Work to complete:
Lines from the top of the entries through the line that has "D1: MBR130; D_SOD-123;" must be duplicated exactly, and no others.

[Input]

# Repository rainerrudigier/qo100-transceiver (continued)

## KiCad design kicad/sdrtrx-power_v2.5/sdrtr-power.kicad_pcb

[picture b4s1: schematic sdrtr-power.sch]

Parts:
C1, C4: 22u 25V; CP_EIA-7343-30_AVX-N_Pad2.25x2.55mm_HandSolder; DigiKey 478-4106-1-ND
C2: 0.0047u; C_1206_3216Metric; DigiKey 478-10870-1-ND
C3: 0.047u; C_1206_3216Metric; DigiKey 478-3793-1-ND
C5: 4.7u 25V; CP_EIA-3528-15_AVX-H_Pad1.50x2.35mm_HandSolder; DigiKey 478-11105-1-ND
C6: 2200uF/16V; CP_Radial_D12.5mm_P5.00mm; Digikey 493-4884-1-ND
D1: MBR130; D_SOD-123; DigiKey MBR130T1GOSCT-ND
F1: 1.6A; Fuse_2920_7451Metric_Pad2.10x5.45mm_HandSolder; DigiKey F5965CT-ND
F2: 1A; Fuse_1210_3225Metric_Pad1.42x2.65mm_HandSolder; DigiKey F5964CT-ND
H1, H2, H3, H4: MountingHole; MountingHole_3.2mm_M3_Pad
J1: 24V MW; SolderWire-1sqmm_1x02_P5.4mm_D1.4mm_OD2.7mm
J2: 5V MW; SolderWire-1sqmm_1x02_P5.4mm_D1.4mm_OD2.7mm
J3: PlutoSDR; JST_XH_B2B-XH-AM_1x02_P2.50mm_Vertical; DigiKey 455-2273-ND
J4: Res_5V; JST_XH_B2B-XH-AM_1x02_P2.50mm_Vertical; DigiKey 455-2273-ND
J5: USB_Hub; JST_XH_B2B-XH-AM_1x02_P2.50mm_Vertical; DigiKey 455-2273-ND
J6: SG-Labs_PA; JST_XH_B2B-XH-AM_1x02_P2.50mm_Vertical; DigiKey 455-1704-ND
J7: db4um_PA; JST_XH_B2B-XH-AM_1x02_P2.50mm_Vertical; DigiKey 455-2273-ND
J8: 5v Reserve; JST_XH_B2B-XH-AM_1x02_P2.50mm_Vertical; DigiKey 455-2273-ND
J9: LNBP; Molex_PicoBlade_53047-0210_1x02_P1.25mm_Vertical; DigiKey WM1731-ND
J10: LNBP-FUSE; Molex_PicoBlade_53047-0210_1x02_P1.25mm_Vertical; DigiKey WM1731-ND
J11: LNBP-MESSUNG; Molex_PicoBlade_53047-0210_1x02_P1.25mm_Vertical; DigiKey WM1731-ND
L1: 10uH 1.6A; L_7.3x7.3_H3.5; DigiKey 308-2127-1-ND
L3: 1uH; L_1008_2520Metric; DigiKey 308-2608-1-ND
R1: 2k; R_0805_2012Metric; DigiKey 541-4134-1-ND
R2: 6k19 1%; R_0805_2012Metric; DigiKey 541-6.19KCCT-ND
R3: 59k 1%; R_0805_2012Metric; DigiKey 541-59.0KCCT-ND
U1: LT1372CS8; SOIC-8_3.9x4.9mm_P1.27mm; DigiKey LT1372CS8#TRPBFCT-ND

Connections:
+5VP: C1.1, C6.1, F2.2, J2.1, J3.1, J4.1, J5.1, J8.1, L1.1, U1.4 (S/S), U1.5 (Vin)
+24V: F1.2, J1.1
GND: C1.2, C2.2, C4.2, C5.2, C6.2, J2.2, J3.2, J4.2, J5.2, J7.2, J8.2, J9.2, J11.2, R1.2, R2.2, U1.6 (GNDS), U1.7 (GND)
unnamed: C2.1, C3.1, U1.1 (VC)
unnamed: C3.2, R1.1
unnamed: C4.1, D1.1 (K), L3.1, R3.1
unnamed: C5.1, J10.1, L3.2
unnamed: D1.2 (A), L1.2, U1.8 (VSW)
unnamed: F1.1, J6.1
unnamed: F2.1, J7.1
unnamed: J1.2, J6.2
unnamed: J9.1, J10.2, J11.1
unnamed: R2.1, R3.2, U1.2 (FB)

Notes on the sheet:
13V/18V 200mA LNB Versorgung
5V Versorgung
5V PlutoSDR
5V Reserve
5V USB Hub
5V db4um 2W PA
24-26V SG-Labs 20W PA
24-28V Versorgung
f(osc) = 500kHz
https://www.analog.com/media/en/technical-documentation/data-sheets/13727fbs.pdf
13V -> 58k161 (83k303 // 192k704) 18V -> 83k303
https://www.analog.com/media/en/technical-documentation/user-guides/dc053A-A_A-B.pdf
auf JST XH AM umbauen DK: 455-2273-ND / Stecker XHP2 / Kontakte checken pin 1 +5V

[/Input]

Solved exercise:
# Repository rainerrudigier/qo100-transceiver (continued)

## KiCad design kicad/sdrtrx-power_v2.5/sdrtr-power.kicad_pcb

[picture b4s1: schematic sdrtr-power.sch]

Parts:
C1, C4: 22u 25V; CP_EIA-7343-30_AVX-N_Pad2.25x2.55mm_HandSolder; DigiKey 478-4106-1-ND
C2: 0.0047u; C_1206_3216Metric; DigiKey 478-10870-1-ND
C3: 0.047u; C_1206_3216Metric; DigiKey 478-3793-1-ND
C5: 4.7u 25V; CP_EIA-3528-15_AVX-H_Pad1.50x2.35mm_HandSolder; DigiKey 478-11105-1-ND
C6: 2200uF/16V; CP_Radial_D12.5mm_P5.00mm; Digikey 493-4884-1-ND
D1: MBR130; D_SOD-123; DigiKey MBR130T1GOSCT-ND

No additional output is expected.